(Stored dataset items)
# # #
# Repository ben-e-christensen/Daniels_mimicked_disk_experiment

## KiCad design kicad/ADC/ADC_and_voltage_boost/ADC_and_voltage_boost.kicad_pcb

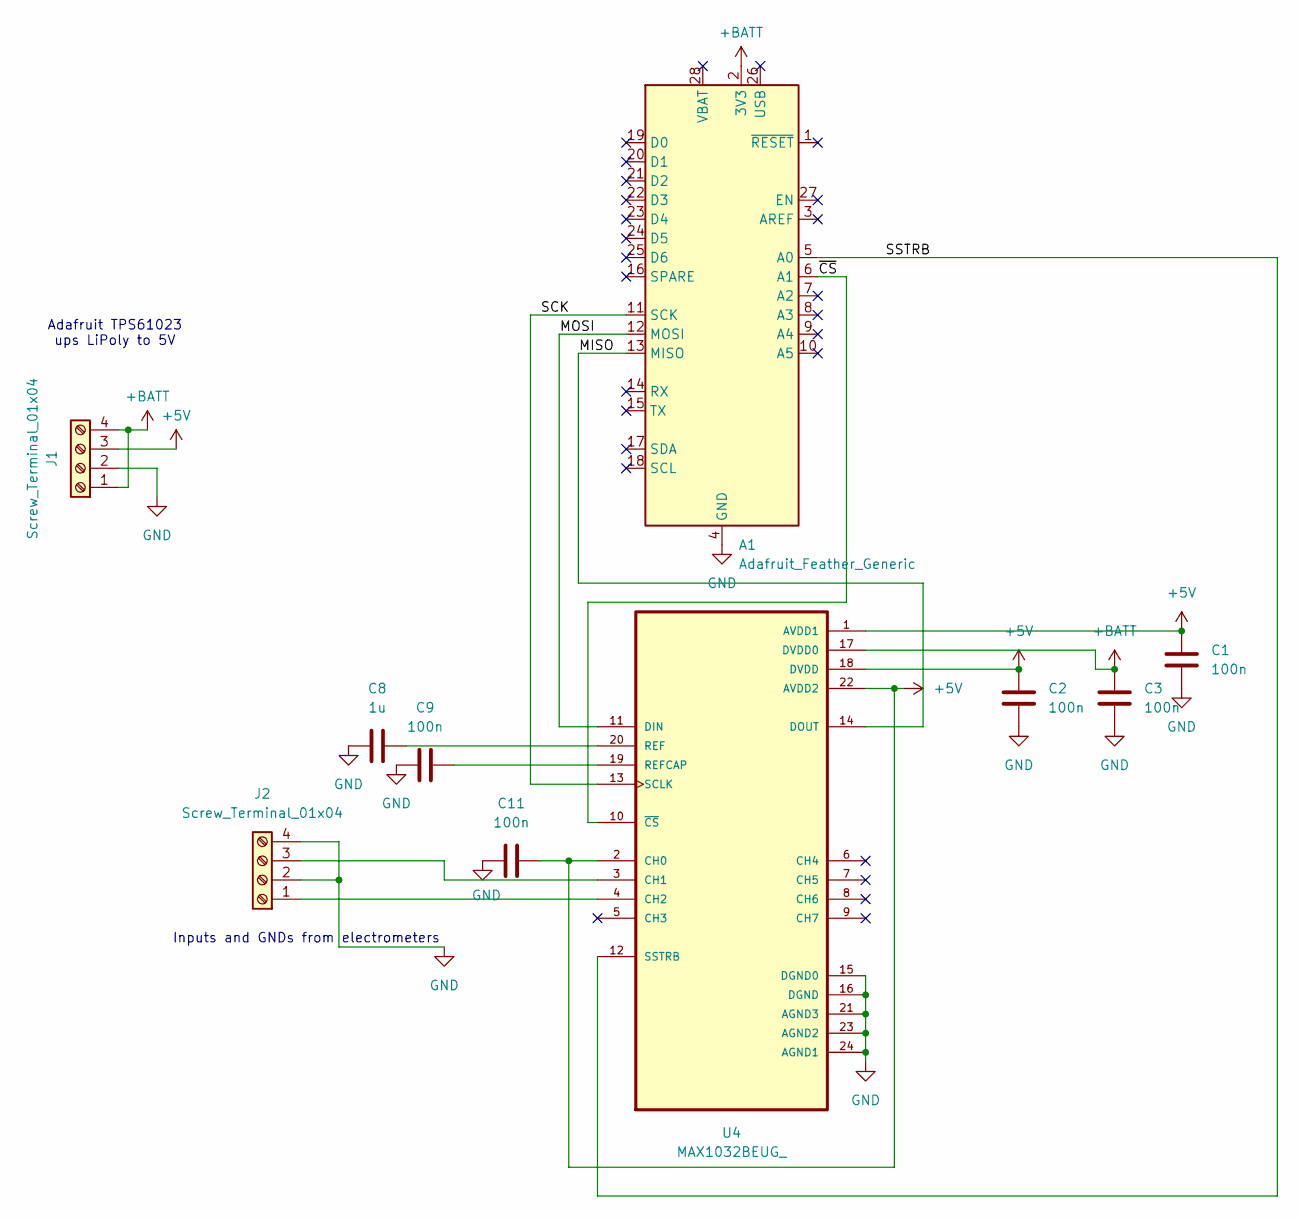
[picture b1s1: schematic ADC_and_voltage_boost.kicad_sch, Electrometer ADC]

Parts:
A1: Adafruit_Feather_Generic; Adafruit_Feather
C1, C2, C3, C9, C11: 100n; C_0805_2012Metric
C8: 1u; C_0805_2012Metric
J1, J2: Screw_Terminal_01x04; TerminalBlock_Phoenix_MPT-0,5-4-2.54_1x04_P2.54mm_Horizontal
U4: MAX1032BEUG_; SOP65P640X110-24N

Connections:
+5V: C1.1, C2.1, C11.2, J1.3, U4.1 (AVDD1), U4.2 (CH0), U4.18 (DVDD), U4.22 (AVDD2)
+BATT: A1.2 (3V3), C3.1, J1.1, J1.4, U4.17 (DVDD0)
/MISO: A1.13 (MISO), U4.14 (DOUT)
/MOSI: A1.12 (MOSI), U4.11 (DIN)
/SCK: A1.11 (SCK), U4.13 (SCLK)
/SSTRB: A1.5 (A0), U4.12 (SSTRB)
/~CS: A1.6 (A1), U4.10 (~CS)
GND: A1.4 (GND), C1.2, C2.2, C3.2, C8.1, C9.1, C11.1, J1.2, J2.2, J2.4, U4.15 (DGND0), U4.16 (DGND), U4.21 (AGND3), U4.23 (AGND2), U4.24 (AGND1)
unnamed: J2.1, U4.4 (CH2)
unnamed: J2.3, U4.3 (CH1)
unnamed: C8.2, U4.20 (REF)
unnamed: C9.2, U4.19 (REFCAP)

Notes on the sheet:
Adafruit TPS61023 ups LiPoly to 5V
Inputs and GNDs from electrometers

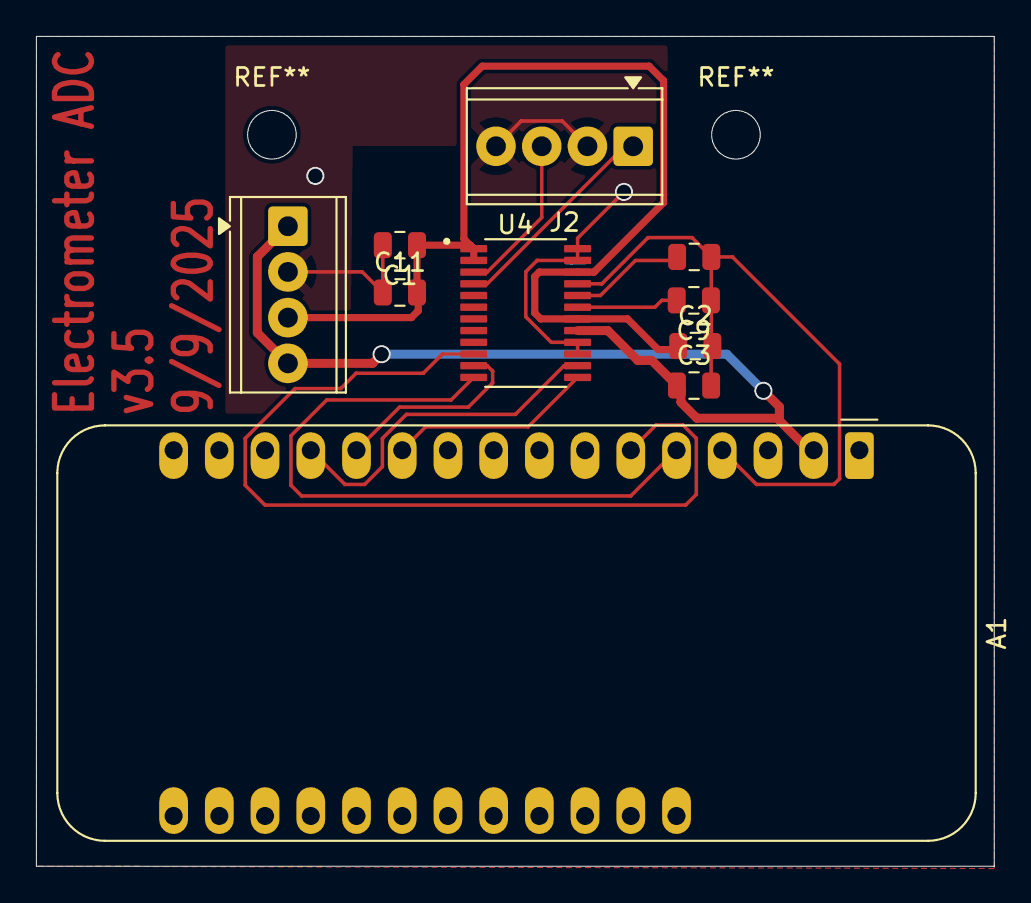
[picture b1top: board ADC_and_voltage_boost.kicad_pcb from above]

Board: 2 copper layers, 53.2 x 46.1 mm, 10 parts (0 on the bottom side), 12 nets.

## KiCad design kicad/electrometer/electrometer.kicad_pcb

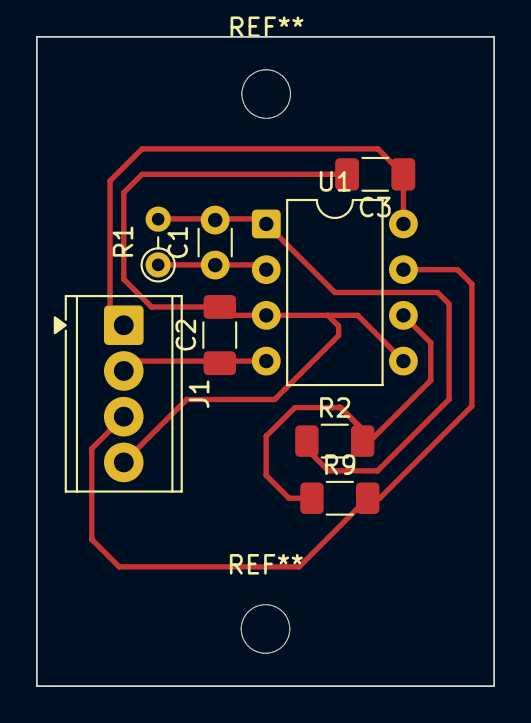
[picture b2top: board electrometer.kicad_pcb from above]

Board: 2 copper layers, 25.4 x 36.1 mm, 8 parts (0 on the bottom side), 7 nets.

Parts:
C1: 1e-03; C_Disc_D3.0mm_W1.6mm_P2.50mm
C2, C3: 1e-03; C_1206_3216Metric_Pad1.33x1.80mm_HandSolder
J1: Screw_Terminal_01x04; TerminalBlock_Phoenix_MPT-0,5-4-2.54_1x04_P2.54mm_Horizontal
R1: 1e+03; R_Axial_DIN0204_L3.6mm_D1.6mm_P2.54mm_Vertical
R2, R9: 1e+03; R_1206_3216Metric_Pad1.30x1.75mm_HandSolder
U1: LMC6082; DIP-8_W7.62mm

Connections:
+9V: C3.1, J1.1, U1.8 (V+)
-9V: C2.1, J1.2, U1.4 (V-)
GND: C2.2, C3.2, J1.4, U1.3 (+), U1.5 (+)
unnamed: C1.2, R1.2, R2.1, U1.1
unnamed: J1.3, R9.2, U1.7
unnamed: C1.1, R1.1, U1.2 (-)
unnamed: R2.2, R9.1, U1.6 (-)

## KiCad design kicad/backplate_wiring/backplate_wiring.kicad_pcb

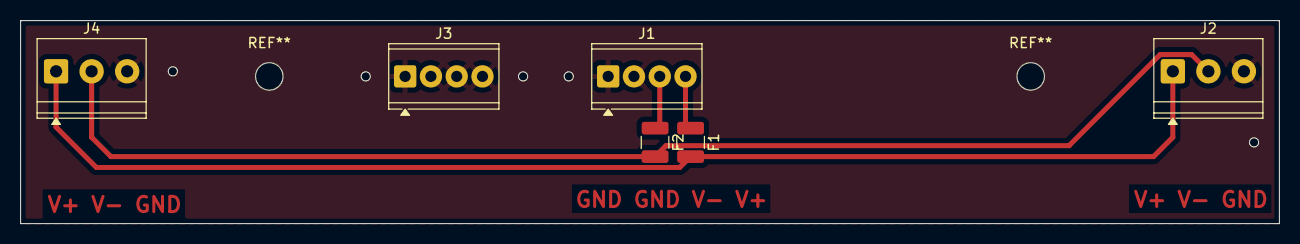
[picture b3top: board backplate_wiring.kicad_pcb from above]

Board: 2 copper layers, 124.0 x 20.0 mm, 6 parts (0 on the bottom side), 5 nets.

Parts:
F1, F2: Fuse; Fuse_1210_3225Metric
J1, J3: Screw_Terminal_01x04; TerminalBlock_Phoenix_MPT-0,5-4-2.54_1x04_P2.54mm_Horizontal
J2, J4: Screw_Terminal_01x03; TerminalBlock_Phoenix_PT-1,5-3-3.5-H_1x03_P3.50mm_Horizontal

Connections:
+BATT: F1.2, J2.1, J4.1
-BATT: F2.2, J2.2, J4.2
GND: J1.1, J1.2, J2.3, J3.1, J3.2, J3.3, J3.4, J4.3
unnamed: F2.1, J1.3
unnamed: F1.1, J1.4

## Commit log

2025-07-10 commiting all files from pi so can be more easily accessed from other devices
2025-07-14 camera feed and gui running at same time
2025-07-16 added threaded modules
2025-07-18 Added html file generation for easier data viewing. Lingerings of flask app are still present. May switch to it later, so leaving for now.
2025-07-19 refactored some code/removed old stuff/rearranged some files
2025-07-19 moved file
2025-07-24 seperated guis. Still need a bit more work on getting camera and other values on same window.
2025-07-29 test push
2025-07-30 updated pcb schematic. should fit back of disk now
2025-07-31 updated board
2025-08-03 BLE is making connection. Nothing past that. Rearranged a lil.
2025-08-09 moved around some kicad things. Added additional schematic for ADC and TPS60213
2025-08-10 finished schema/pcb
2025-08-11 updated pcb
2025-08-11 wireless commit
2025-08-14 removed old stuff
2025-08-14 low frequency comms are working well between pi and xiao
2025-08-15 committing before testing to pull arduino code onto another device. May need to rewrite all of this.
2025-08-15 deleted no longer used folder
2025-08-15 Added other .ino file
2025-08-15 adding tests
2025-08-15 analog fix?
2025-08-15 trying pulses at 500Hz
2025-08-16 adding new structuring
2025-08-16 working receiver codegit add -A
2025-08-16 added ino file
2025-08-16 good progress on the refactor so far.
2025-08-18 great start to the refactor
2025-08-18 more refactor and pushing it before I maybe break my pi
2025-08-22 finished ADC
2025-08-23 new kicad
2025-08-23 added another kicad board
2025-08-26 committing some adc board changes
2025-08-26 adding new backplate board
2025-08-26 added new kicad project to act as a compiler for laser jobs
2025-08-27 committing
2025-08-27 fixing board issues - kicad
2025-08-28 v3 for ADC up
2025-08-31 integrating things into main
2025-09-01 added oscilliscope view/camera to their own gui
2025-09-02 small refactor
2025-09-02 fixed small things
2025-09-02 a lot of buggy things fixed. Out sourced motor control to just the old gui. BLE taking too much in the loop. Motor was very janky when ble was running
2025-09-04 pretty much all things that need to be tracked are being tracked
2025-09-04 were haulin at 50FPS recorded!
2025-09-09 switched back to xiao on adc
# # #
• [Your objective]: Pictures aside, repeat every entry exactly as written.

• [Written answer]:
# Repository ben-e-christensen/Daniels_mimicked_disk_experiment

## KiCad design kicad/ADC/ADC_and_voltage_boost/ADC_and_voltage_boost.kicad_pcb

[picture b1s1: schematic ADC_and_voltage_boost.kicad_sch, Electrometer ADC]

Parts:
A1: Adafruit_Feather_Generic; Adafruit_Feather
C1, C2, C3, C9, C11: 100n; C_0805_2012Metric
C8: 1u; C_0805_2012Metric
J1, J2: Screw_Terminal_01x04; TerminalBlock_Phoenix_MPT-0,5-4-2.54_1x04_P2.54mm_Horizontal
U4: MAX1032BEUG_; SOP65P640X110-24N

Connections:
+5V: C1.1, C2.1, C11.2, J1.3, U4.1 (AVDD1), U4.2 (CH0), U4.18 (DVDD), U4.22 (AVDD2)
+BATT: A1.2 (3V3), C3.1, J1.1, J1.4, U4.17 (DVDD0)
/MISO: A1.13 (MISO), U4.14 (DOUT)
/MOSI: A1.12 (MOSI), U4.11 (DIN)
/SCK: A1.11 (SCK), U4.13 (SCLK)
/SSTRB: A1.5 (A0), U4.12 (SSTRB)
/~CS: A1.6 (A1), U4.10 (~CS)
GND: A1.4 (GND), C1.2, C2.2, C3.2, C8.1, C9.1, C11.1, J1.2, J2.2, J2.4, U4.15 (DGND0), U4.16 (DGND), U4.21 (AGND3), U4.23 (AGND2), U4.24 (AGND1)
unnamed: J2.1, U4.4 (CH2)
unnamed: J2.3, U4.3 (CH1)
unnamed: C8.2, U4.20 (REF)
unnamed: C9.2, U4.19 (REFCAP)

Notes on the sheet:
Adafruit TPS61023 ups LiPoly to 5V
Inputs and GNDs from electrometers

[picture b1top: board ADC_and_voltage_boost.kicad_pcb from above]

Board: 2 copper layers, 53.2 x 46.1 mm, 10 parts (0 on the bottom side), 12 nets.

## KiCad design kicad/electrometer/electrometer.kicad_pcb

[picture b2top: board electrometer.kicad_pcb from above]

Board: 2 copper layers, 25.4 x 36.1 mm, 8 parts (0 on the bottom side), 7 nets.

Parts:
C1: 1e-03; C_Disc_D3.0mm_W1.6mm_P2.50mm
C2, C3: 1e-03; C_1206_3216Metric_Pad1.33x1.80mm_HandSolder
J1: Screw_Terminal_01x04; TerminalBlock_Phoenix_MPT-0,5-4-2.54_1x04_P2.54mm_Horizontal
R1: 1e+03; R_Axial_DIN0204_L3.6mm_D1.6mm_P2.54mm_Vertical
R2, R9: 1e+03; R_1206_3216Metric_Pad1.30x1.75mm_HandSolder
U1: LMC6082; DIP-8_W7.62mm

Connections:
+9V: C3.1, J1.1, U1.8 (V+)
-9V: C2.1, J1.2, U1.4 (V-)
GND: C2.2, C3.2, J1.4, U1.3 (+), U1.5 (+)
unnamed: C1.2, R1.2, R2.1, U1.1
unnamed: J1.3, R9.2, U1.7
unnamed: C1.1, R1.1, U1.2 (-)
unnamed: R2.2, R9.1, U1.6 (-)

## KiCad design kicad/backplate_wiring/backplate_wiring.kicad_pcb

[picture b3top: board backplate_wiring.kicad_pcb from above]

Board: 2 copper layers, 124.0 x 20.0 mm, 6 parts (0 on the bottom side), 5 nets.

Parts:
F1, F2: Fuse; Fuse_1210_3225Metric
J1, J3: Screw_Terminal_01x04; TerminalBlock_Phoenix_MPT-0,5-4-2.54_1x04_P2.54mm_Horizontal
J2, J4: Screw_Terminal_01x03; TerminalBlock_Phoenix_PT-1,5-3-3.5-H_1x03_P3.50mm_Horizontal

Connections:
+BATT: F1.2, J2.1, J4.1
-BATT: F2.2, J2.2, J4.2
GND: J1.1, J1.2, J2.3, J3.1, J3.2, J3.3, J3.4, J4.3
unnamed: F2.1, J1.3
unnamed: F1.1, J1.4

## Commit log

2025-07-10 commiting all files from pi so can be more easily accessed from other devices
2025-07-14 camera feed and gui running at same time
2025-07-16 added threaded modules
2025-07-18 Added html file generation for easier data viewing. Lingerings of flask app are still present. May switch to it later, so leaving for now.
2025-07-19 refactored some code/removed old stuff/rearranged some files
2025-07-19 moved file
2025-07-24 seperated guis. Still need a bit more work on getting camera and other values on same window.
2025-07-29 test push
2025-07-30 updated pcb schematic. should fit back of disk now
2025-07-31 updated board
2025-08-03 BLE is making connection. Nothing past that. Rearranged a lil.
2025-08-09 moved around some kicad things. Added additional schematic for ADC and TPS60213
2025-08-10 finished schema/pcb
2025-08-11 updated pcb
2025-08-11 wireless commit
2025-08-14 removed old stuff
2025-08-14 low frequency comms are working well between pi and xiao
2025-08-15 committing before testing to pull arduino code onto another device. May need to rewrite all of this.
2025-08-15 deleted no longer used folder
2025-08-15 Added other .ino file
2025-08-15 adding tests
2025-08-15 analog fix?
2025-08-15 trying pulses at 500Hz
2025-08-16 adding new structuring
2025-08-16 working receiver codegit add -A
2025-08-16 added ino file
2025-08-16 good progress on the refactor so far.
2025-08-18 great start to the refactor
2025-08-18 more refactor and pushing it before I maybe break my pi
2025-08-22 finished ADC
2025-08-23 new kicad
2025-08-23 added another kicad board
2025-08-26 committing some adc board changes
2025-08-26 adding new backplate board
2025-08-26 added new kicad project to act as a compiler for laser jobs
2025-08-27 committing
2025-08-27 fixing board issues - kicad
2025-08-28 v3 for ADC up
2025-08-31 integrating things into main
2025-09-01 added oscilliscope view/camera to their own gui
2025-09-02 small refactor
2025-09-02 fixed small things
2025-09-02 a lot of buggy things fixed. Out sourced motor control to just the old gui. BLE taking too much in the loop. Motor was very janky when ble was running
2025-09-04 pretty much all things that need to be tracked are being tracked
2025-09-04 were haulin at 50FPS recorded!
2025-09-09 switched back to xiao on adc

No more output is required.